Inside the community, sonarcloud is the reference.
https://sonarcloud.io/features (Detect, understand, and fix issues in your code, at the very earliest in your workflow)
https://sonarcloud.io/organizations/onap/projects?sort=name (ONAP project)
Checking results and fixing them regularly are one way to reduce risk
Software Composition Analysis
Like Code quality evaluation, software composition analysis helps the community reduce its risk.
https://snyk.io/blog/what-is-software-composition-analysis-sca-and-does-my-company-need-it/
What Is a software composition analysis (SCA)?
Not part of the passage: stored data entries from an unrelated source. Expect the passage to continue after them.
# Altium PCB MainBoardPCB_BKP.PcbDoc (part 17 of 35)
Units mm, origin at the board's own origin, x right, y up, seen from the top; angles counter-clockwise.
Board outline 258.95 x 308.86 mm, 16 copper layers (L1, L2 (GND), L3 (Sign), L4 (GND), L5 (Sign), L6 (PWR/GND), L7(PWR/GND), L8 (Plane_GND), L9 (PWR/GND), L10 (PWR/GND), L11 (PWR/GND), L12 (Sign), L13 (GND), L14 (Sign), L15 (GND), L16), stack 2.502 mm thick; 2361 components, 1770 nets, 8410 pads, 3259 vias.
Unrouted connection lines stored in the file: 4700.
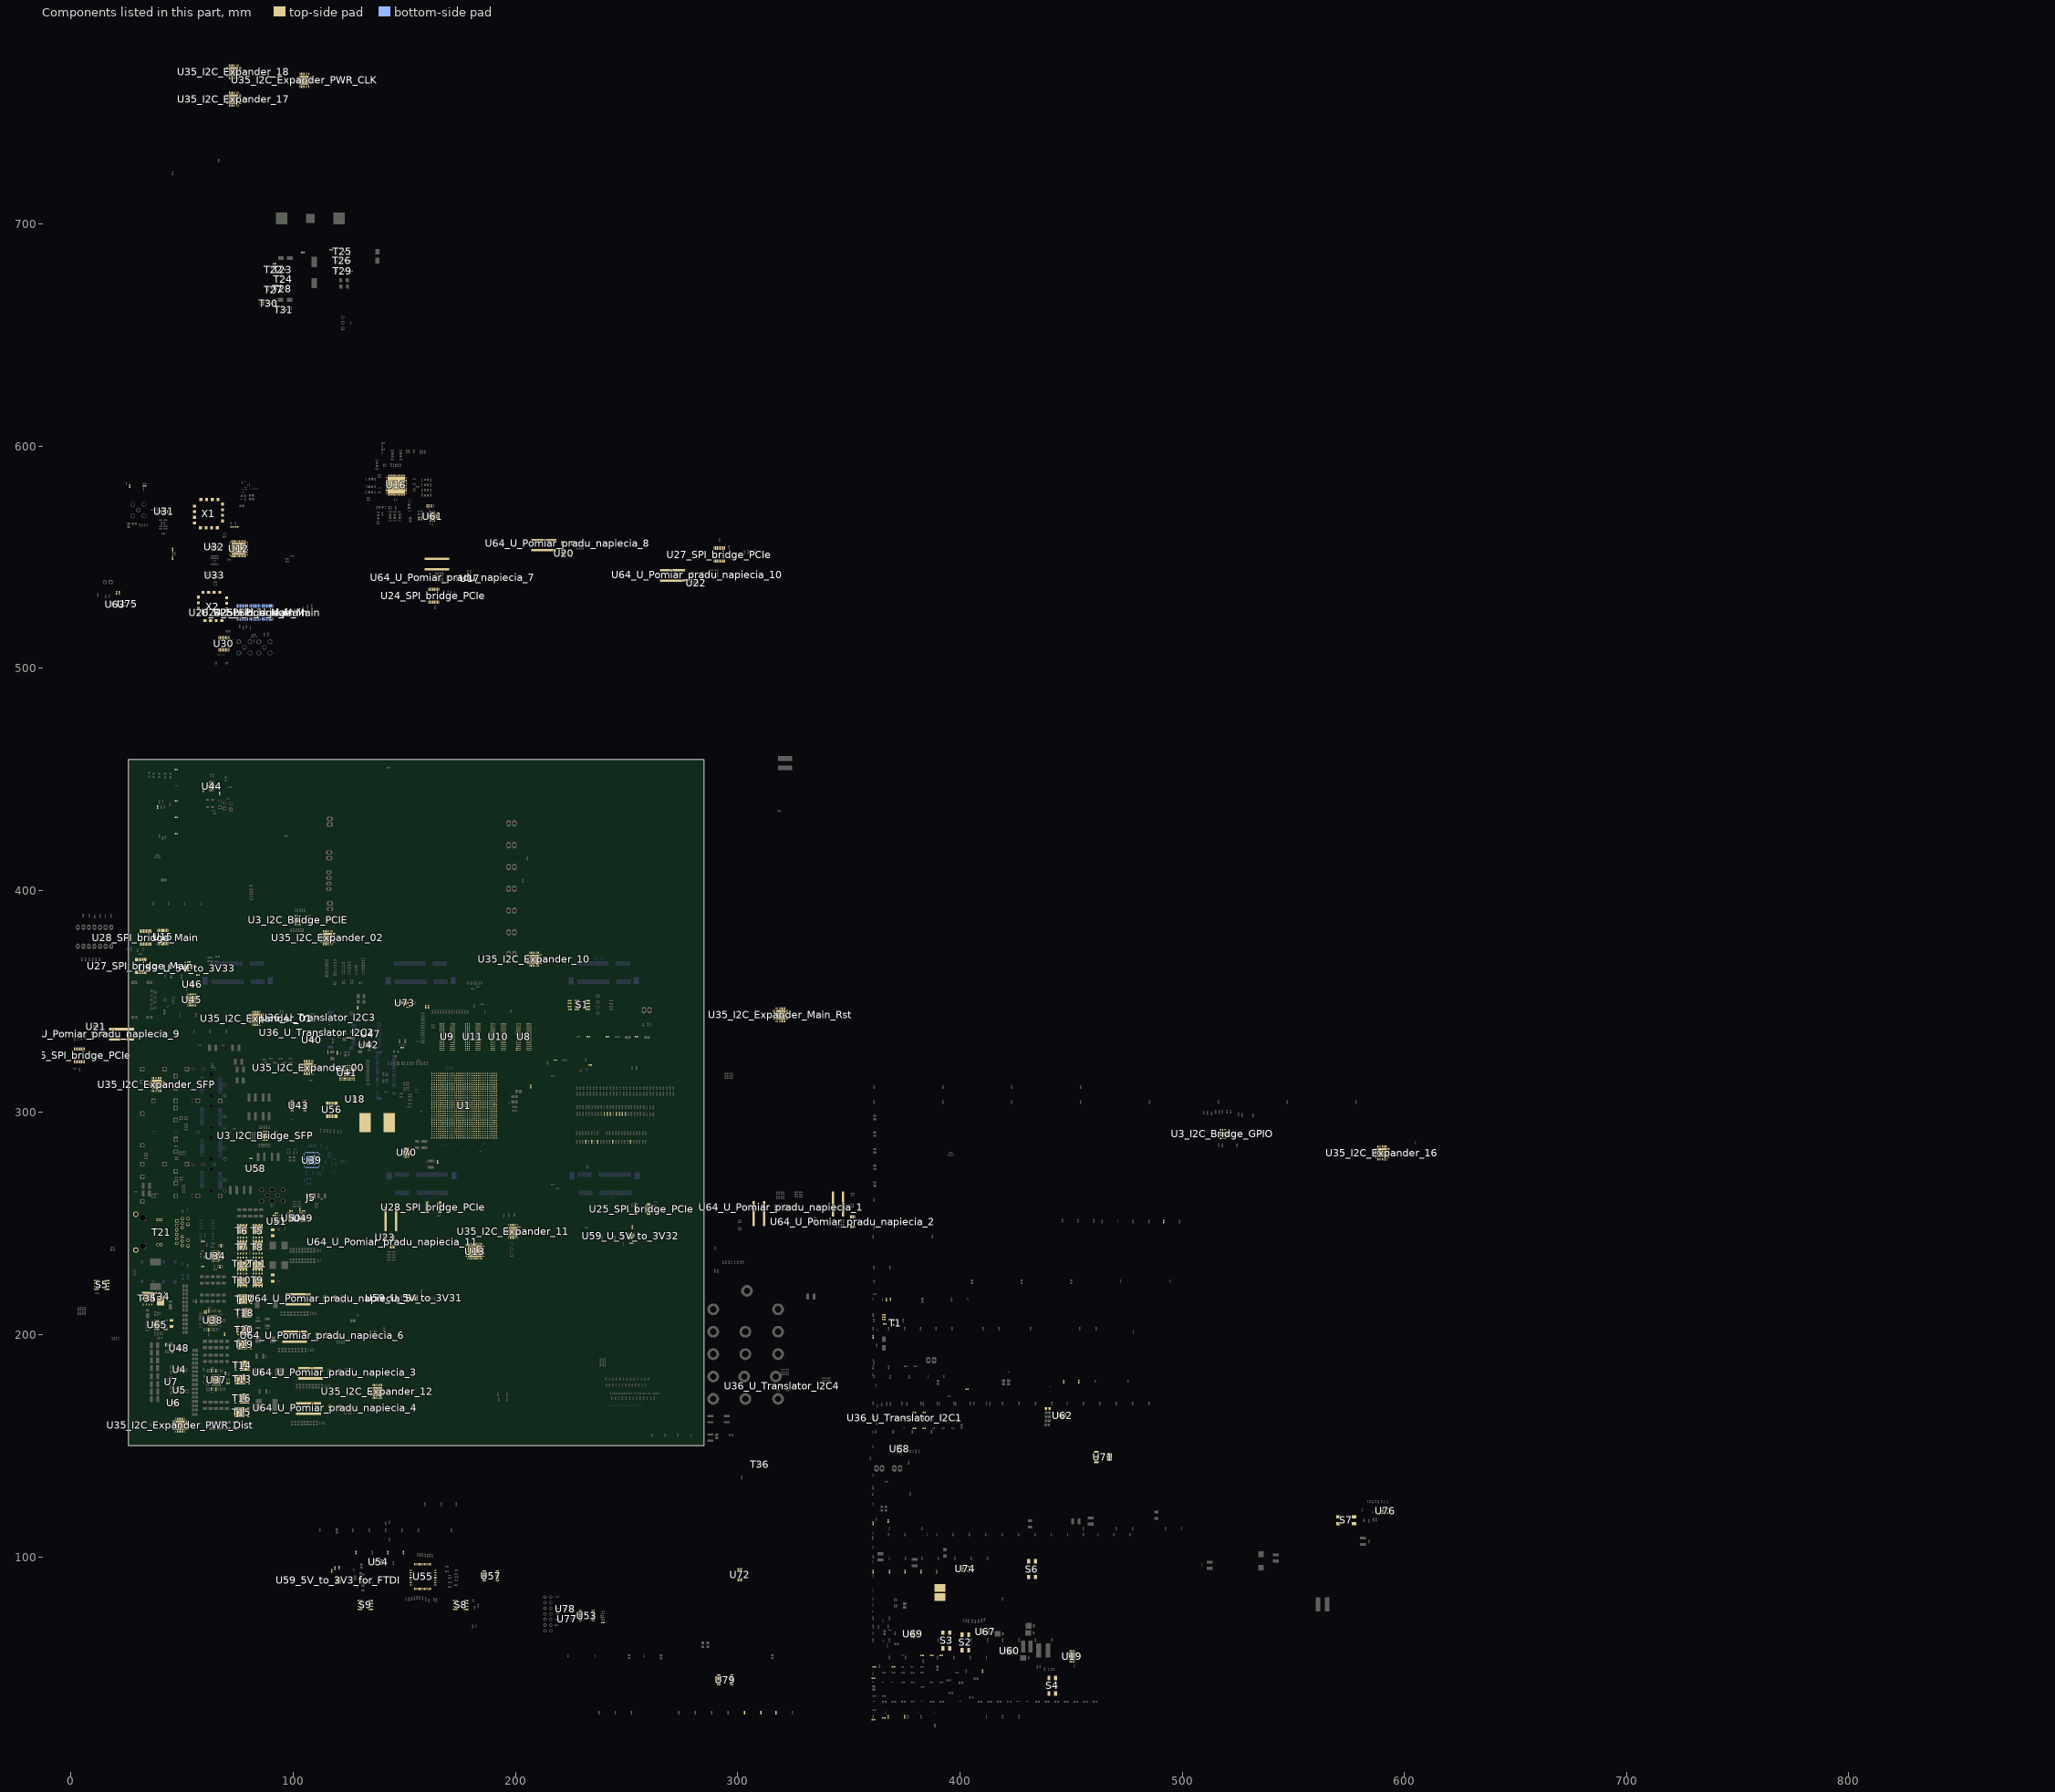
[diagram p21: the components of this part, seen from the top]

## Part data (continued)
R431_5V_to_3V3_for_FTDI R632 R633 R634 R646 R690 R825 R828: library part Resistor, Case/Package=0402, Case Code (Metric)=1005, Manufacturer 1=Panasonic, Manufacturer Part Number 1=ERA-2AED104X, Max Operating Temperature=155°C, Max Power Dissipation=63mW, Min Operating Temperature=-55°C, Package Quantity=10000, Supplier Part Number 1=P100KDECT-ND, Temperature Coefficient=25ppm/°C, Tolerance=0.5%, Voltage Rating=25V, Case Code (Imperial)=0402, ComponentLink1Description=https://datasheet.ciiva.com/24028/aoa0000ce26-197354-24028150.pdf?src-supplier=Mouser, ComponentLink1URL=https://datasheet.ciiva.com/24028/aoa0000ce26-197354-24028150.pdf?src-supplier=Mouser, ComponentLink2Description=https://datasheet.ciiva.com/43470/1776116-43470438.pdf?src-supplier=Farnell, ComponentLink2URL=https://datasheet.ciiva.com/43470/1776116-43470438.pdf?src-supplier=Farnell, ComponentLink3Description=https://datasheet.ciiva.com/7830/1776116-7830920.pdf?src-supplier=Element14, ComponentLink3URL=https://datasheet.ciiva.com/7830/1776116-7830920.pdf?src-supplier=Element14, ComponentLink4Description=https://datasheet.ciiva.com/46378/1776116-46378234.pdf?src-supplier=Element14, ComponentLink4URL=https://datasheet.ciiva.com/46378/1776116-46378234.pdf?src-supplier=Element14, ComponentLink5Description=https://datasheet.ciiva.com/16780/70068849-16780139.pdf?src-supplier=Allied+Electronics, ComponentLink5URL=https://datasheet.ciiva.com/16780/70068849-16780139.pdf?src-supplier=Allied+Electronics, ComponentLink6Description=https://datasheet.ciiva.com/9117/aoa0000ce26-9117229.pdf?src-supplier=Avnet, ComponentLink6URL=https://datasheet.ciiva.com/9117/aoa0000ce26-9117229.pdf?src-supplier=Avnet, ComponentLink7Description=https://datasheet.ciiva.com/16511/aoa0000ce26-16511566.pdf?src-supplier=Avnet+Asia, ComponentLink7URL=https://datasheet.ciiva.com/16511/aoa0000ce26-16511566.pdf?src-supplier=Avnet+Asia, ComponentLink8Description=https://datasheet.ciiva.com/30225/54aoa0000ce26-30225311.pdf?src-supplier=Onlinecomponents.com, ComponentLink8URL=https://datasheet.ciiva.com/30225/54aoa0000ce26-30225311.pdf?src-supplier=Onlinecomponents.com, Composition="Metal Film,Thin Film", Contact Plating=Tin, Depth=0.5mm, Height=0.016inch, Lead Free="Lead Free", Length=1mm, Military Standard=Not, Mount="Surface Mount", Number of Terminations=2, Packaging="Tape and Reel", Power Rating=63mW, Pricing 1="1=0.22000, 10=0.18800, 100=0.07350, 1000=0.03077, 2500=0.02820, 5000=0.02564 (USD)", Radiation Hardening=No, REACH SVHC="No SVHC", Resistance=100kR, RoHS=Yes, Stock 1=54338, Supplier 1=Digi-Key, Termination=SMD/SMT, Voltage Rating (DC)=25V, Width=0.5mm
R432_U_5V_to_3V31 R432_U_5V_to_3V32 R432_U_5V_to_3V33: library part Resistor, "RES 15K OHM 1% 1/16W 0402", Case Code (Imperial)=0402, Case Code (Metric)=1005, Manufacturer="Stackpole Electronics", Manufacturer Part Number=RMCF0402FT15K0, Max Operating Temperature=155°C, Max Power Dissipation=63mW, Min Operating Temperature=-55°C, Supplier Part Number 1=RMCF0402FT15K0CT-ND, Temperature Coefficient=100ppm/°C, Tolerance=1%, Case/Package=0402, Category="Chip SMD Resistors", ComponentLink1Description=http://www1.futureelectronics.com/doc/STACKPOLE%20ELECTRONICS/RMCF-1__16S-15K-1%25-R.pdf?src-supplier=Future+Electronics, ComponentLink1URL=http://www1.futureelectronics.com/doc/STACKPOLE%20ELECTRONICS/RMCF-1__16S-15K-1%25-R.pdf?src-supplier=Future+Electronics, ComponentLink2Description=http://components.arrow.com/part/dataview/50576585S147344N1174?src-supplier=Arrow, ComponentLink2URL=http://components.arrow.com/part/dataview/50576585S147344N1174?src-supplier=Arrow, ComponentLink3Description=https://www.seielect.com/catalog/sei-rmcf_rmcp.pdf?src-supplier=Digi-Key, ComponentLink3URL=https://www.seielect.com/catalog/sei-rmcf_rmcp.pdf?src-supplier=Digi-Key, ComponentLink4Description=https://www.seielect.com/catalog/SEI-RMCF_RMCP.pdf?src-supplier=Avnet, ComponentLink4URL=https://www.seielect.com/catalog/SEI-RMCF_RMCP.pdf?src-supplier=Avnet, Composition="Thick Film", Contact Plating=Tin,Matte, Features="Automotive AEC-Q200", Height=0.016inch, Lead Free="Lead Free", Length=0.039inch, Mount="Surface Mount", Number of Terminations=2, Packaging="Tape and Reel", Power Rating=63mW, Pricing 1="1=0,10000, 10=0,01400, 100=0,00580, 1000=0,00262, 2500=0,00228, 5000=0,00188 (USD)", Radiation Hardening=No, Resistance=15kR, RoHS=Yes, Stock 1=103132, Supplier 1=Digi-Key, Width=0.02inch
R433: library part Resistor, "RES 56K OHM 1% 1/16W 0402", Case Code (Imperial)=0402, Case Code (Metric)=1005, Manufacturer="Stackpole Electronics", Manufacturer Part Number=RMCF0402FT56K0, Max Operating Temperature=155°C, Max Power Dissipation=63mW, Min Operating Temperature=-55°C, Package Quantity=10000, Supplier Part Number 1=RMCF0402FT56K0CT-ND, Temperature Coefficient=100ppm/°C, Tolerance=1%, Case/Package=0402, Category="Chip SMD Resistors", ComponentLink1Description=https://www.seielect.com/catalog/SEI-RMCF_RMCP.pdf?src-supplier=Avnet, ComponentLink1URL=https://www.seielect.com/catalog/SEI-RMCF_RMCP.pdf?src-supplier=Avnet, ComponentLink2Description=http://www.seielect.com/Catalog/SEI-RMCF_RMCP.pdf?src-supplier=Digi-Key, ComponentLink2URL=http://www.seielect.com/Catalog/SEI-RMCF_RMCP.pdf?src-supplier=Digi-Key, ComponentLink3Description=https://www.seielect.com/catalog/SEI-Packaging.pdf?src-supplier=Digi-Key, ComponentLink3URL=https://www.seielect.com/catalog/SEI-Packaging.pdf?src-supplier=Digi-Key, ComponentLink4Description=https://www.seielect.com/Catalog/SEI-RMCF_RMCP.pdf?src-supplier=Digi-Key, ComponentLink4URL=https://www.seielect.com/Catalog/SEI-RMCF_RMCP.pdf?src-supplier=Digi-Key, Composition="Thick Film", Contact Plating=Tin,Matte, Features="Automotive AEC-Q200", Height=0.016inch, Length=0.039inch, Mount="Surface Mount", Number of Terminations=2, Packaging="Tape and Reel", Pricing 1="1=0,10000, 10=0,01400, 100=0,00580, 1000=0,00262, 2500=0,00228, 5000=0,00188 (USD)", Radiation Hardening=No, Resistance=56kR, RoHS=Yes, Stock 1=59738, Supplier 1=Digi-Key, Width=0.02inch
R434 R649 R651 R655 R656 R658: library part Resistor, "RES 10K OHM 0.1% 1/16W 0402", Case Code (Imperial)=0402, Case Code (Metric)=1005, Manufacturer="Stackpole Electronics", Manufacturer Part Number=RNCF0402BTE10K0, Max Operating Temperature=155°C, Max Power Dissipation=63mW, Min Operating Temperature=-55°C, Package Quantity=10000, Supplier Part Number 1=RNCF0402BTE10K0CT-ND, Temperature Coefficient=25ppm/°C, Tolerance=0.1%, Case/Package=0402, Category="Chip SMD Resistors", ComponentLink1Description=https://www.seielect.com/Catalog/SEI-rncf.pdf?src-supplier=Avnet, ComponentLink1URL=https://www.seielect.com/Catalog/SEI-rncf.pdf?src-supplier=Avnet, ComponentLink2Description=https://www.seielect.com/catalog/SEI-Packaging.pdf?src-supplier=Digi-Key, ComponentLink2URL=https://www.seielect.com/catalog/SEI-Packaging.pdf?src-supplier=Digi-Key, Composition="Thin Film", Contact Plating=Tin,Matte, Features="Moisture Resistant", Height=0.016inch, Length=0.039inch, Mount="Surface Mount", Number of Terminations=2, Packaging="Tape and Reel", Pricing 1="1=0,42000, 10=0,29900, 100=0,11950, 1000=0,05891, 2500=0,05457, 5000=0,04938 (USD)", Radiation Hardening=No, Resistance=10kR, RoHS=Yes, Stock 1=121200, Supplier 1=Digi-Key, Width=0.02inch
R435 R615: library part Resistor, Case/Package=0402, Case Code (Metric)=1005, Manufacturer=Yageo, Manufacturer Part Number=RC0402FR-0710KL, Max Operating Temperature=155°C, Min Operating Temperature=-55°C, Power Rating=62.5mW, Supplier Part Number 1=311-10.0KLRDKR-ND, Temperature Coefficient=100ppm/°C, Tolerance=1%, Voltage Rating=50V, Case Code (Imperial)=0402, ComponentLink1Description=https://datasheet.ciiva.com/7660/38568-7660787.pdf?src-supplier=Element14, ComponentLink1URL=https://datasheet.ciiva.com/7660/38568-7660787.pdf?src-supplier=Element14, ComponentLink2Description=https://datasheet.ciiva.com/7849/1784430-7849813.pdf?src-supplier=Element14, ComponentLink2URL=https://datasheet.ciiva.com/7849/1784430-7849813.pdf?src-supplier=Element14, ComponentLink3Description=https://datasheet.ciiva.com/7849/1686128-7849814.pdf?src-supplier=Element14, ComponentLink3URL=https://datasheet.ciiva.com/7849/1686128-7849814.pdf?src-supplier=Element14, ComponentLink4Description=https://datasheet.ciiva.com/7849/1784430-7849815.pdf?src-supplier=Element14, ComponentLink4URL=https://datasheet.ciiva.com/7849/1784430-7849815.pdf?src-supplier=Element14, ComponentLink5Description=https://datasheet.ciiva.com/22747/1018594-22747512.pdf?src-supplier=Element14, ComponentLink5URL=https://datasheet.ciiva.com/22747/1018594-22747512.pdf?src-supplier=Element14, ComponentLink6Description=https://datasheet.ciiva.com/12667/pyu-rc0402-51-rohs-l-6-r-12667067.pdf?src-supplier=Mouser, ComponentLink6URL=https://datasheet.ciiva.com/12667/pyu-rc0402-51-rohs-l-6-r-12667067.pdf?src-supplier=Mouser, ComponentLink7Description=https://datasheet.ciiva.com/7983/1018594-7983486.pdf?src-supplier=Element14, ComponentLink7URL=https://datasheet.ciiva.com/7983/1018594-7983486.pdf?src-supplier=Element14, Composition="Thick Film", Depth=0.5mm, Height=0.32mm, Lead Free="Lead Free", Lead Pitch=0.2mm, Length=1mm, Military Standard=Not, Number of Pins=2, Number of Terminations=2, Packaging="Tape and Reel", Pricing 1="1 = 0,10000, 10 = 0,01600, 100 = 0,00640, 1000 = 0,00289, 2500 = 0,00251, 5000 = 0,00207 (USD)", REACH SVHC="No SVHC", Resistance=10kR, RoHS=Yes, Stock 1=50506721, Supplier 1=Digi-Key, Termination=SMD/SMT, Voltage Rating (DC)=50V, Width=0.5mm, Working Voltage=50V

Software Composition Analysis (SCA) is an application security methodology for managing open source components. Using SCA, development teams can quickly track and analyze any open-source component brought into a project. SCA tools can discover all related components, their supporting libraries, and their direct and indirect dependencies. SCA tools can also detect software licenses, deprecated dependencies, as well as vulnerabilities and potential exploits. The scanning process generates a bill of materials (BOM), providing a complete inventory of a project’s software assets.
The community uses whitesource and Nexus-IQ.
>>More information Code Scanning Tools and CI
Use Safe and Secure Docker Images
To build ONAP images, the community provides secure docker images, which are built from Alpine images.
These images reduce the risk of threats; please use them.